Dig deeper: What the composability revolution means for CDPs

Solving for the activation gap

Traditional CDPs are starting to struggle to demonstrate value, especially set against the trend towards data warehouses. That’s the view of Heather Blank, SVP GTM strategy and partnerships at Iterable. “Modern players like Hightouch, those have been the ones to coin the term ‘composable CDP,’” said Blank, “because they saw an opportunity with customers who had data warehouses or data lakes where they were storing not just customer data but all of their business data. They saw that you do not need all the bells and whistles of a CDP, nor do you need to duplicate your storage of data, so we’re just going to lay down some rail tracks for data to move back-and-forth on.” Hightouch is a partner of Iterable. It now calls itself a composable CDP but has been primarily known for its reverse ETL capabilities.

“Where Iterable fits in is, we’re not interested in storing all data for our customers. We want to make sure that customers have the ability to easily pull the appropriate data into our platform from those central data sources and then have a place to marry that data with the data we have — who clicks on an email, what channels are they most responsive in, all the things that we observe.” The aim is to drive the most personalized content possible in the optimum channel, at the right time and with the right frequency, Blank explained.

Iterable has integrations with a number of established CDPs. “Those guys are going to market with a composable CDP as well. While Iterable has these integrations, Blank is seeing more and more customers who want to pull their data out of warehouses directly and to have a CDP as a hop in-between to get to us. That’s why we have the integration with Hightouch.”

The challenge faced by traditional CDPs, according to Blank, is similar to the challenge that confronted DSPs. While CDPs dealt in first-party data, DSPs dealt with audiences for paid media, but they both tended to become rail tracks between a brand’s data and where that data is activated. What’s more, there was a time when multiple applications were needed to activate data — Iterable was once only email, Braze was in-app, for example.

“What you had was this really complex stack where you had to bring data in, log into all these different places to design your campaigns, segment, personalize and send your campaigns. We call that problem the ‘activation gap,’” said Blank. Iterable is solving the problem by plugging directly into data respositories, via reverse ETL. “Then we’re a single source platform for you to compose all of your messages, do all your decisioning and deliver across all the channels that you want.” Iterable also has partners like The Trade Desk where data can be activated on the paid side.

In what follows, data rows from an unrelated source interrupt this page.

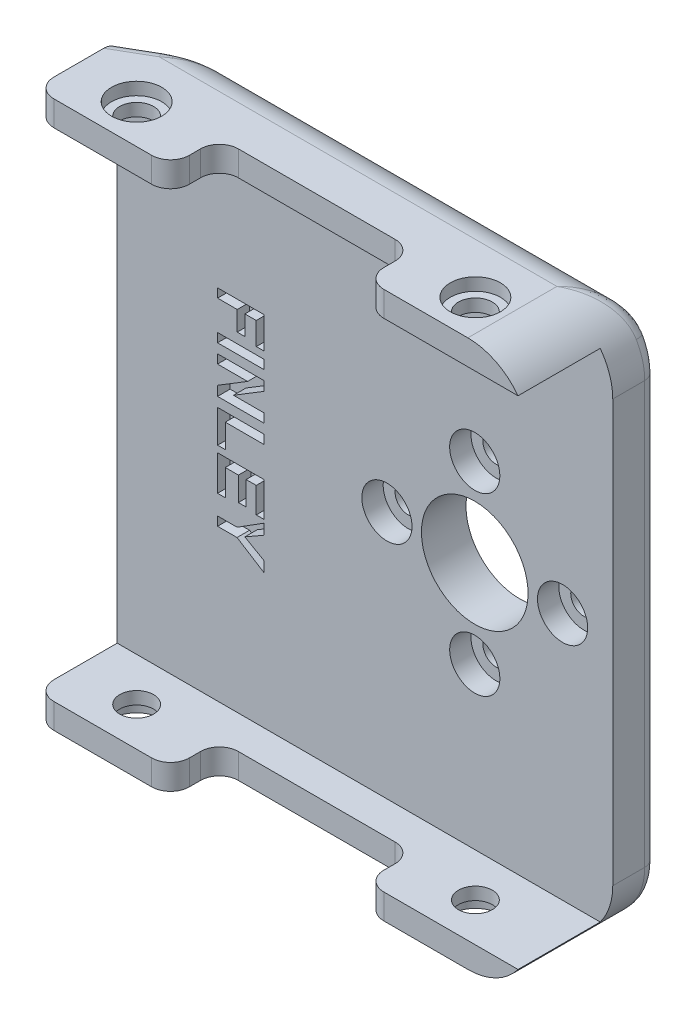
SolidWorks part; units mm, degrees
note: '?' marks a value the reader was unsure of.
material "Esun Hard Tough Resin"
ref_plane "Plan de face" through (0, 0, 0) normal (0, 0, 1) x (1, 0, 0)
ref_plane "Plan de dessus" through (0, 0, 0) normal (0, 1, 0) x (1, 0, 0)
ref_plane "Plan de droite" through (0, 0, 0) normal (1, 0, 0) x (0, 0, -1)
ref_axis "hip_z_rotation_axis" through (0, 0, -22.6557) along (0, 0, 1)?
sketch "Sketch1" plane through (0, 0, 0) normal (0, 0, 1) x (1, 0, 0)
  line L0 (0, 0) -> (8, 0) construction
  line L1 (0, 0) -> (-6.9282, -4) construction
  line L2 (0, 0) -> (-6.9282, 4) construction
  line L3 (-6.9282, -4) -> (-6.9282, 4) construction
  circle A0 centre (0, 0) radius 8 construction
  circle A1 centre (5.6569, -5.6569) radius 1
  circle A2 centre (0, -8) radius 1
  circle A3 centre (8, 0) radius 1
  circle A4 centre (-5.6569, -5.6569) radius 1
  circle A5 centre (-8, 0) radius 1
  circle A6 centre (-5.6569, 5.6569) radius 1
  circle A7 centre (0, 8) radius 1
  circle A8 centre (5.6569, 5.6569) radius 1
  circle A9 centre (0, 0) radius 4
  point P31 (0, 0)
  dimension "D1" = 16
  dimension "D2" = 2
  dimension "D5" = 8
  dimension "D3" = 60
  dimension "D4" = 8
sketch "Sketch3" plane through (0, 0, 0) normal (0, 1, 0) x (1, 0, 0)
  circle A0 centre (4, -6.7) radius 1.3
  circle A1 centre (-18, -6.7) radius 1.3
  dimension "D1" = 2.6
  dimension "D2" = 2.6
  dimension "D3" = 18
  dimension "D5" = 6.7
  dimension "D4" = 4
sketch "Sketch4" plane through (0, 0, 0) normal (0, 0, 1) x (1, 0, 0)
  line L0 (-28.5, 0) -> (11, 0) construction
  line L1 (-28.5, 21.8) -> (11, 21.8)
  line L2 (-28.5, 21.8) -> (-28.5, -21.8)
  line L3 (-28.5, -21.8) -> (11, -21.8)
  line L4 (11, 21.8) -> (11, -21.8)
  circle A0 centre (0, 0) radius 11 construction
  dimension "D4" = 22
  dimension "D1" = 28.5
  dimension "D2" = 43.6
  dimension "D3" = 11
extrude "Boss-Extrude1" add sketch "Sketch4" along normal blind 10.1
sketch "Sketch5" plane through (11, 0, 0) normal (1, 0, 0) x (0, 0, -1)
  line L0 (-10.1, -21.8) -> (-10.1, 21.8) construction
  line L1 (-10.1, 19.8) -> (-3.55, 19.8)
  line L2 (-10.1, 19.8) -> (-10.1, -19.8)
  line L3 (-10.1, -19.8) -> (-3.55, -19.8)
  line L4 (-3.55, 19.8) -> (-3.55, -19.8)
  line L6 (-10.1, 21.8) -> (0, 21.8) construction
  line L7 (-10.1, -21.8) -> (0, -21.8) construction
  dimension "D1" = 6.55
  dimension "D2" = 2
  dimension "D3" = 2
extrude "Cut-Extrude1" cut sketch "Sketch5" against normal through all
sketch "Sketch17" plane through (0, 0, 0) normal (0, 0, -1) x (-1, 0, 0)
  circle A0 centre (0, 0) radius 4.25
  dimension "D1" = 8.5
extrude "Cut-Extrude5" cut sketch "Sketch17" against normal through all
sketch "Sketch12" plane through (0, 0, 3.55) normal (0, 0, 1) x (1, 0, 0)
  circle A0 centre (0, 0) radius 4.15
  circle A1 centre (0, 0) radius 4 construction
  dimension "D1" = 0.15
extrude "Cut-Extrude2" [suppressed] cut sketch "Sketch12" against normal up to next contours A0
sketch "Sketch13" plane through (0, 0, 3.55) normal (0, 0, 1) x (1, 0, 0)
  line L0 (0, 0) -> (8, 0) construction
  line L1 (0, 0) -> (-6.9282, 4) construction
  line L2 (0, 0) -> (-6.9282, -4) construction
  circle A0 centre (0, 0) radius 5 construction
  circle A1 centre (-4.3301, 2.5) radius 0.375
  circle A2 centre (-4.3301, -2.5) radius 0.375
  circle A3 centre (5, 0) radius 0.375
  circle A4 centre (0, 0) radius 4 construction
  dimension "D1" = 0.75
  dimension "D2" = 1
extrude "Cut-Extrude3" [suppressed] cut sketch "Sketch13" against normal blind 1
sketch "Sketch14" plane through (0, 0, 3.55) normal (0, 0, 1) x (1, 0, 0)
  line L0 (-28.5, -19.8) -> (-28.5, 19.8) construction
  line L1 (-28.5, 10.25) -> (11, 10.25)
  line L2 (-28.5, 10.25) -> (-28.5, 12.25)
  line L3 (-28.5, 12.25) -> (11, 12.25)
  line L4 (11, 10.25) -> (11, 12.25)
  line L5 (11, -19.8) -> (11, 19.8) construction
  line L6 (0, 0) -> (-23.2886, 0) construction
  line L7 (-28.5, -12.25) -> (11, -12.25)
  line L8 (-28.5, -12.25) -> (-28.5, -10.25)
  line L9 (-28.5, -10.25) -> (11, -10.25)
  line L10 (11, -12.25) -> (11, -10.25)
  dimension "D3" = 12.25
  dimension "D4" = 2
hole_wizard "CBORE for M2 Hex Socket Head Cap Screw1" [suppressed] positions "Sketch11" profile "Sketch10" counterbore size "M2" standard "ISO"
sketch "Sketch11" plane through (0, 0, 4) normal (0, 0, 1) x (1, 0, 0)
  point P0 (-5.6569, 5.6569)
  point P3 (-8, 0)
  point P6 (-5.6569, -5.6569)
  point P9 (0, -8)
  point P12 (5.6569, -5.6569)
  point P15 (8, 0)
  point P18 (5.6569, 5.6569)
  point P21 (0, 8)
sketch "Sketch10" plane through (-5.6569, 5.6569, 4) normal (1, 0, 0) x (0, -1, 0)
  line L0 (0, 0) -> (0, 4)
  line L1 (0, 4) -> (1.1, 4)
  line L2 (1.1, 2.725) -> (1.1, 4)
  line L3 (1.1, 2.725) -> (1.125, 2.7)
  line L4 (1.125, 2.7) -> (2.2, 2.7)
  line L5 (2.2, 2.7) -> (2.2, 0)
  line L7 (0, 0) -> (2.2, 0)
  line L9 (-1.1, 2.725) -> (-1.125, 2.7) construction
  line L11 (0, -6.35) -> (0, 107.95) construction
  dimension "Thru Hole Dia." = 2.2
  dimension "Thru Hole Depth" = 4
  dimension "C'Bore Dia." = 4.4
  dimension "C'Bore Depth" = 2.7
  dimension "Mid C'Sink Dia." = 2.25
  dimension "Mid C'Sink Angle" = 90
sketch "Sketch18" plane through (0, 0, 3.55) normal (0, 0, 1) x (1, 0, 0)
  circle A0 centre (0, 0) radius 7 construction
  circle A1 centre (0, 7) radius 1.05
  dimension "D1" = 14
  dimension "D2" = 2.1
extrude "Cut-Extrude6" cut sketch "Sketch18" against normal through all
sketch "Sketch19" plane through (0, 0, 3.55) normal (0, 0, 1) x (1, 0, 0)
  circle A0 centre (0, 7) radius 2
  dimension "D1" = 4
extrude "Cut-Extrude7" cut sketch "Sketch19" against normal blind 1.7
pattern_circular "CirPattern1" count 4 over 360 about axis through (0, 0, 0) along (0, 0, 1) of "Cut-Extrude7", "Cut-Extrude6"
sketch "Sketch20" plane through (0, 21.8, 0) normal (0, 1, 0) x (1, 0, 0)
  line L0 (-28.5, -10.1) -> (-28.5, 0) construction
  line L3 (11, -10.1) -> (-28.5, -10.1) construction
  line L4 (-17.7, -10.1) -> (-2.2, -10.1)
  line L5 (-17.7, -10.1) -> (-17.7, -6.2)
  line L6 (-17.7, -6.2) -> (-2.2, -6.2)
  line L7 (-2.2, -10.1) -> (-2.2, -6.2)
  circle A0 centre (-23.5, -7) radius 1.35
  circle A1 centre (3.5, -7) radius 1.35
  dimension "D1" = 2.7
  dimension "D2" = 2.7
  dimension "D3" = 27
  dimension "D4" = 5
  dimension "D5" = 3.1
  dimension "D6" = 15.5
  dimension "D7" = 3.9
  dimension "D8" = 10.8
extrude "Cut-Extrude8" cut sketch "Sketch20" against normal through all
chamfer "Chamfer1" [suppressed] distance 0.5 angle 45
chamfer "Chamfer3" distance 6 angle 30 1 edges at (-28.5, 0, 0) first distance on face at (7, -1.05, 0)
fillet "Fillet1" radius 3 2 edges at (-5.75, 21.8, 0) (-5.75, -21.8, 0)
fillet "Fillet5" radius 5 2 edges at (11, 21.8, 6.55) (11, -21.8, 6.55) tangent propagation no
fillet "Fillet9" radius 1 10 edges at (9.0748, -20.7428, 0.7141) (10.8945, -17.8215, 0) (11, 0, 0) (10.8945, 17.8215, 0) (9.0748, 20.7428, 0.7141) (-28.0981, 21.8, 3.2321) (-28.0981, -21.8, 3.2321) (-24.0219, 20.9213, 0.8787) (-24.0219, -20.9213, 0.8787) (-22.5, 0, 0)
sketch "Sketch16" plane through (0, 0, 3.55) normal (0, 0, 1) x (1, 0, 0)
  line L0 (-20.5, 9.25) -> (-20.5, -9.25) construction
  line L2 (-20.5, 0) -> (0, 0) construction
  line L3 (-28.5, -19.8) -> (-28.5, 19.8) construction
  text T0 "FINLEY" font "Arial" height 3.7
  dimension "D1" = 18.5
  dimension "D2" = 8
extrude "Poppy_trademark" cut sketch "Sketch16" against normal blind 1
fillet "Fillet11" radius 1.5 10 edges at (-17.7, -20.8, 6.2) (-17.7, -20.8, 10.1) (-2.2, -20.8, 6.2) (-2.2, -20.8, 10.1) (-28.5, -20.8, 10.1) (-28.5, 20.8, 10.1) (-2.2, 20.8, 10.1) (-2.2, 20.8, 6.2) (-17.7, 20.8, 6.2) (-17.7, 20.8, 10.1)
sketch "Sketch21" plane through (0, 21.8, 0) normal (0, 1, 0) x (1, 0, 0)
  circle A0 centre (-23.5, -7) radius 2
  circle A1 centre (3.5, -7) radius 2
  dimension "D1" = 4
extrude "Cut-Extrude9" cut sketch "Sketch21" against normal blind 1
mirror "Mirror1" about plane through (0, 0, 0) normal (0, 1, 0) of "Cut-Extrude9"
equation "\"Tolerance\"=0.15"
equation "\"D1@Sketch12\"=\"Tolerance\""
equation "\"Tickness\"= 4mm"
equation "\"C'Bore Depth@Sketch10\"=\"Tickness\" - \"M2_counterbore_thickness\""
equation "\"M2_counterbore_thickness\"= 1.3"

Blank was keen to emphasize that she was not denigrating CDPs but rather observing their evolution. “If you have to pull your data out of somewhere that’s not a data warehouse, or from multiple places because you haven’t been able to centralize it all in a data warehouse, then [traditional] CDPs are still the answer.”

But the data has to be in Iterable at some point in order for it to be activated, right? In fact, Iterable does have data repository capabilities. “We have some customers for whom we are their CRM system. It sort of depends. You can store as much or as little data in our platform as you want.” And that depends, again, on the need to respond in real-time. “You don’t want to wait for data to move back-and-forth. As soon as somebody buys something, you don’t want them then to get a cart abandonment email.”

Dig deeper: Amperity launches composable ‘Lakehouse’ CDP

It’s okay to copy data

Braze, Iterable, MessageGears and others in this space may now be able to reach into data warehouses, but they do import or pull or copy data into their platforms. “Of course they do,” said David Raab, founder and CEO at the CDP Institute. “If you want to have real-time access or just want control of it because your system needs to work on it in a certain way to do its job of course you’re going to make a copy of it. You can’t not.”

There’s a lot of copying going on, said Raab, but: “That’s okay. It’s not bad in and of itself. It’s not like murdering kittens. It’s always bad to murder kittens, it’s not always bad to copy data. And you can quote me.”